My friend and his wife are also creative person although they have IT background, but i guess sometimes art is in some people soul. When i went to their second floor of their house, my friend showed me 2 furniture that he made from wooden block, to be a coffee table and he made a seat made out of tyre and cushion. I encourage them to do those sort of things, recycling things into furniture. probably it would be a business, who knows.
Sadly, every good time has come to an end and i need to go back to reality.
After my holiday (which i will post after i can get my laptop to work like it used to be), i had done a lot of thinking. Along this Handmade Heirloom process, i’m excited yet i have full of doubt. I doubt that people will not like what i do, I doubt what other people will think, you can guess every fear that you have when you’re starting a business, i have them all. Guess what? people can sense that. Well, that’s what i think and what i feel though. I doubt, so that people have doubt on me.
I got likes on my facebook page and my instagram but no one actually buy it. I’m no expert on marketing either and still learning through so many articles that i have to read, so, it is a trial and error process but not making any sell since 2 months ago launching this product is really a headache and a heartache blend into one. it’s always come to a why. why not this and that.
Today i received an email from a Digital Media Director for a new Fashion Shopping App, asking me to join their app. She said she love my instagram photos (thank you very muccchhh) and want a feedback from the fashion savvy. I am burst to laugh when i read that sentence. really, i’m no fashion savvy. But i’m flattered. although they asked me to join the app to purchase things from them boooo…
I know that when i keep trying, it will eventually pays off. i just don’t know when.. or probably when i’m nearly broke where i keep creating but no one buys :P.
But yeah, don’t let people know about your doubt, they can smell it. it’s hard but just try okay?
Upon building Handmade Heirloom as a brand, I realize that I have learned new skills and still need to work on that. Building a brand is hard, especially when you don’t have that business-y kinda background. I may see people effortlessly building their brand, but maybe they first struggled like me. I’m stress mentally and sometimes end up read and read rather than brainstorming what do i need to do to building my brand. But here’s what i learned and still need to learn.
Although i’m a graphic designer, i can’t draw. Yes, you can laugh now. I can draw you a car, a fish, a house, a sun, a mountain like kid’s doodle but i can’t draw you a nice human face (not the doodle kind one). And i really want to share my sketches on my blog, so i had pinned so many fashion illustrations or sketches about human faces, shadings, etc on pinterest and i learning and practicing how to draw. For now, i’m still copying models on fashion, but i guess it’s just a way to let my imagination grow for this. Deep down, i know that i don’t need to be perfect on drawing.. but it’s just nice to see a proportional human faces.

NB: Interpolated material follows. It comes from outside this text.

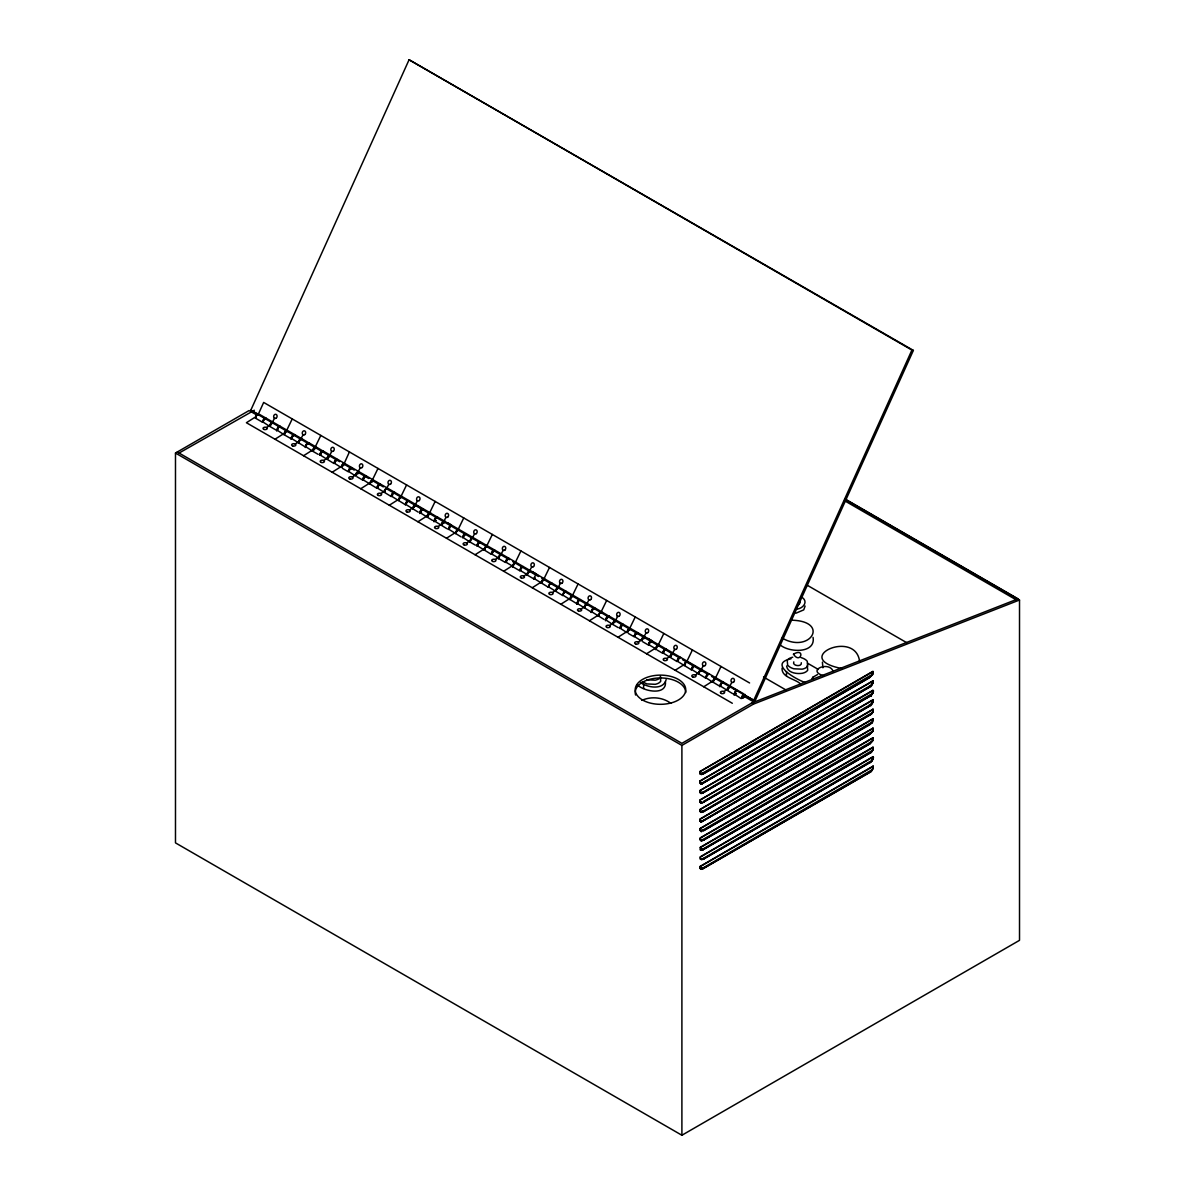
<?xml version="1.0" encoding="UTF-8"?>
<svg xmlns="http://www.w3.org/2000/svg" width="1195" height="1195" viewBox="0 0 1195 1195"><rect width="100%" height="100%" fill="white"/><g stroke="black" fill="none" stroke-linecap="round" stroke-linejoin="round"><path stroke-width="1.5" d="M256.342 416.98L256.342 415.95M315.151 448.797L314.912 447.931A1.688 0.971 -60 0 0 315.958 447.049M329.432 457.043L329.208 456.176A1.673 0.971 -60 0 0 330.328 455.175L329.342 455.564M615.276 622.072L614.857 621.161A1.673 0.971 -60 0 0 616.082 620.324L615.186 620.593M629.571 630.333L629.153 629.406A1.688 0.971 -60 0 0 630.377 628.585M666.108 679.671C663.509 690.396 647.421 687.693 640.49 682.494M782.068 668.11C781.381 677.58 795.317 678.775 800.53 683.913M805.101 606.029L803.742 609.868L795.945 613.199M872.35 674.234C874.591 667.885 871.021 677.326 872.903 673.472M873.022 682.674L872.365 683.719L872.962 680.806L700.27 780.873L700.823 783.92M873.067 691.92C866.674 704.766 876.458 684.899 872.589 692.876M700.464 802.607L700.3 799.843L872.992 699.762L872.32 702.854M872.619 711.847L873.007 709.247L700.33 809.314L700.479 812.092M872.888 720.749L873.022 718.718L700.136 818.948L700.509 821.577M873.037 749.31C872.992 745.635 873.874 752.462 869.138 753.612L702.526 849.989L870.557 752.611M872.425 759.736L873.097 756.644L872.216 759.9M701.57 869.318C703.213 869.079 698.956 869.87 700.225 866.36L873.112 766.129L872.708 768.729M822.414 662.12L822.892 667.781M859.593 661.388C855.381 628.451 789.925 658.46 841.922 668.558M704.034 773.613L869.004 677.774L872.216 674.861L872.962 671.59L872.649 674.607L869.213 677.894L702.406 774.151L703.347 773.748M872.858 682.599C873.739 679.253 872.44 687.349 869.228 687.364L701.988 783.756L869.019 687.244L872.245 684.347L872.962 680.806M872.888 701.555C873.769 698.209 872.47 706.32 869.258 706.335L703.392 802.189L869.049 706.215L872.275 703.302L872.992 699.762M872.29 712.788C870.184 715.939 874.471 710.637 873.007 709.247M871.708 723.035L701.644 821.757L869.079 725.171L872.499 722.377L873.022 718.718M703.631 830.749L869.109 734.656L872.32 731.743L873.037 728.203L872.738 731.489L869.303 734.776L702.959 830.854M872.858 737.838L872.664 740.288M873.037 749.788L872.873 747.323L872.888 749.385M871.977 761.066C874.845 751.7 873.411 762.455 869.153 763.097L703.482 859.071L871.006 761.723M873.186 767.758C873.425 764.576 873.127 772.119 869.362 772.687L702.555 868.944L869.168 772.567L872.38 769.67L873.112 766.129M599.278 614.185L599.307 614.962M270.638 424.195L270.727 425.33M286.591 432.007L285.934 431.395L284.843 432.754A1.688 0.971 -60 0 1 283.917 434.592L291.057 438.714A1.673 0.971 -60 0 0 291.953 437.161L293.477 435.548M343.637 465.602L343.503 464.437A1.688 0.971 -60 0 0 344.623 463.421L343.637 463.824M357.932 473.847L357.932 472.817M372.228 482.093L372.228 481.062M613.647 622.236L613.603 623.207M635.083 634.62L635.337 635.83M643.776 638.877L643.448 637.652A1.673 0.971 -60 0 0 644.673 636.83M872.708 712.534L872.813 709.397M872.23 722.766L872.828 718.882M869.124 744.126L703.93 839.861L869.811 743.947L873.067 740.019M871.185 752.357L872.843 749.668L872.201 750.415M270.682 424.106L270.518 424.793A1.673 0.971 -60 0 1 269.622 426.331L276.762 430.454A1.673 0.971 -60 0 0 277.658 428.915L278.629 427.317L277.748 429.304M284.963 432.351L285.007 433.576M577.842 601.802L578.679 600.652M635.128 634.515L634.963 635.202A1.673 0.971 -60 0 1 634.381 636.427M649.408 642.761L649.632 644.075M262.915 420.924L262.482 422.208L255.327 418.086A1.673 0.971 -60 0 0 256.223 416.532M270.07 425.047L266.649 427.541M277.21 429.169L276.762 430.977M284.365 433.292L274.984 439.222M291.505 437.415L291.057 439.222M298.645 441.553L295.225 444.047M305.8 445.675L305.352 447.483M312.941 449.798L303.56 455.728M320.096 453.921L319.648 455.22A1.673 0.971 -60 0 0 320.529 453.667L320.798 452.785M327.236 458.043L323.815 460.538M334.376 462.181L333.928 463.466L319.648 454.697M341.531 466.304L332.15 472.234M348.671 470.427L348.223 471.711L342.517 468.41M355.826 474.549L352.391 477.044M362.966 478.672L362.518 479.972L356.797 476.671M370.106 482.81L360.726 488.74M377.261 486.933L376.813 488.217L362.518 479.449M384.402 491.055L380.981 493.55M391.542 495.178L391.109 496.478L376.813 487.709M398.697 499.301L389.316 505.231M405.837 503.439L405.389 504.723L391.109 495.955M412.992 507.561L409.556 510.056M420.132 511.684L419.684 513.491L421.476 512.461A1.897 1.09 -60 0 1 420.132 511.729A1.897 1.09 -60 0 1 421.282 509.488A1.897 1.09 -60 0 1 422.761 509.757M427.272 515.807L417.906 521.737M437.056 518.018A1.897 1.09 -60 0 0 435.577 517.749A1.897 1.09 -60 0 0 434.427 519.974L433.979 521.737L435.772 520.706M441.567 524.067L438.147 526.562M448.722 528.19L448.274 529.475M455.863 532.313L446.482 538.243M463.003 536.435L462.57 537.735M470.158 540.558L466.737 543.053M477.298 544.696L476.85 545.981M484.453 548.819L475.072 554.749M491.593 552.941L491.145 554.226L476.85 545.458M498.733 557.064L495.313 559.559M505.888 561.187L505.44 562.486L498.285 558.364A1.673 0.971 -60 0 0 499.181 556.81L500.078 555.257M513.028 565.325L503.648 571.255M520.183 569.447L519.735 570.732L512.58 566.609A1.688 0.971 -60 0 0 513.506 564.772L514.687 563.398A1.688 0.971 -60 0 0 516.046 562.576M527.324 573.57L523.903 576.065M534.464 577.693L534.016 578.992L526.875 574.855A1.673 0.971 -60 0 0 527.772 573.316L529.43 571.837M541.619 581.816L532.238 587.746M548.759 585.953L548.311 587.238L534.016 578.47M555.914 590.076L552.478 592.571M563.054 594.199L562.606 595.483L548.311 586.715M570.194 598.322L560.813 604.252M577.349 602.444L576.901 604.252M584.489 606.582L581.069 609.062M591.63 610.705L591.196 612.512M598.785 614.827L589.404 620.758M605.925 618.95L605.477 620.758M613.08 623.073L609.644 625.568M620.22 627.211L619.772 628.495M627.36 631.333L617.994 637.264M634.515 635.456L634.067 636.741L628.346 633.44M641.655 639.579L638.235 642.073M648.81 643.702L648.362 645.001L642.641 641.7M655.95 647.839L646.57 653.77M663.091 651.962L662.657 653.247L656.936 649.946M670.246 656.085L666.825 658.579M677.386 660.208L676.938 661.492L662.657 652.739M684.541 664.33L675.16 670.261M691.681 668.468L691.233 669.753L676.938 660.984M698.821 672.591L695.4 675.085M705.976 676.714L705.528 677.998L691.233 669.23M713.116 680.836L703.736 686.766M720.271 684.959L719.823 686.766M727.411 689.097L723.991 691.576M734.552 693.219L734.103 695.027L735.896 693.996M339.664 461.688L250.741 410.348L409.078 59.75L913.368 350.404L755.031 701.002L711.533 676.385M300.318 437.848L258.508 413.829L263.662 402.431L749.594 682.972M272.176 422.567L274.521 418.28M286.471 430.812L292.237 418.922M303.097 434.786L300.767 439.058M320.828 435.428L315.062 447.318M329.969 455.086L331.687 451.277M344.265 463.331L349.418 451.934M357.932 472.07L360.263 467.783M372.228 480.315L377.993 468.44M386.508 488.576L388.853 484.289M400.803 496.821L406.584 484.946M415.098 505.082L417.443 500.795M435.159 501.437L429.393 513.327M446.019 517.301L443.689 521.573M457.969 529.833L463.75 517.943M472.264 538.079L474.609 533.792M486.559 546.339L492.325 534.449M500.854 554.585L503.185 550.297M515.15 562.83L520.915 550.955M529.43 571.09L531.775 566.803M543.725 579.336L549.506 567.461M558.17 587.522L560.35 583.309M572.315 595.842L578.081 583.952M586.76 604.013L588.941 599.815M606.672 600.458L600.891 612.348M615.813 620.115L617.531 616.306M629.481 628.854L635.247 616.964M643.776 637.099L646.107 632.812M658.057 645.345L663.837 633.469M672.352 653.605L674.697 649.318M686.647 661.851L692.413 649.961M700.942 670.096L703.272 665.824M715.387 678.282L721.003 666.466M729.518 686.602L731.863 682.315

The second was i can practice on my photography. Photography is my hobby and i still carry my camera around when i’m traveling. When you sell something, you need a good presentation. You need to put props with it, position it, how do you want people to see it, how you style it (especially for what i sell). It should be a good enough presentation. Sometimes it still blew my mind how people style everything on instagram. Although they don’t sell anything, they still put a really BIG effort so that everything look nice. I still can’t believe it if they do it almost everyday. Like, do you live next to a department store and borrow everything for there? Or do you really have a long spare time for you to do that? I realize that having a full time job, a freelance job and Handmade Heirloom is a hard work plus my bad time management (of sleep :p).
The third one is that i’m learning about marketing. And yes, i have ZERO knowledge about it. For my freelance job, i’m working for my bff’s brother/client. Come to think of it, i work for that family. Every design related need to be done, they will come to me. It is nice and such a blessing to have them as a client and a friend. I have a few other clients but their project has come and go. sometimes just one project and then done. But for Handmade Heirloom, i’m trying to sell on online shop, so every social media that i have, my mind is just come to those 4 words, SELL. I sell it on instragram, facebook, pinterest and my blog on tumblr. I put the picture, i put the materials and i put the price. I thought everybody is doing this. These past few days, i’ve been reading articles that i come across or that i searched on google purposely about marketing and i come to understand that what i did was wrong. I base my online shop on facebook. I shouldn’t try to sell anything on instagram, tumblr and on pinterest. it’s like i’m desperate to sell something rather than just sharing. So, i’m gonna change my marketing strategy and see it from there.
I need to read and brainstorm a lot. And this is what i do when i’m laying on my bed at night. I’m trying to watch TV just to ease my brain, ended up i’m watching AND reading.
This is suppose to be a fun, hobby thing. But when you try to build a brand and try for people to buy it from you, you need extra effort to convince people to earn their trust. And that’s what i work on. It’s a lot of hard work. I hope it’ll pay off one day.
No, this is not because of Halloween (I just use a cute picture, rather a scary tomb stone). But anyway, the topic for this blog is death.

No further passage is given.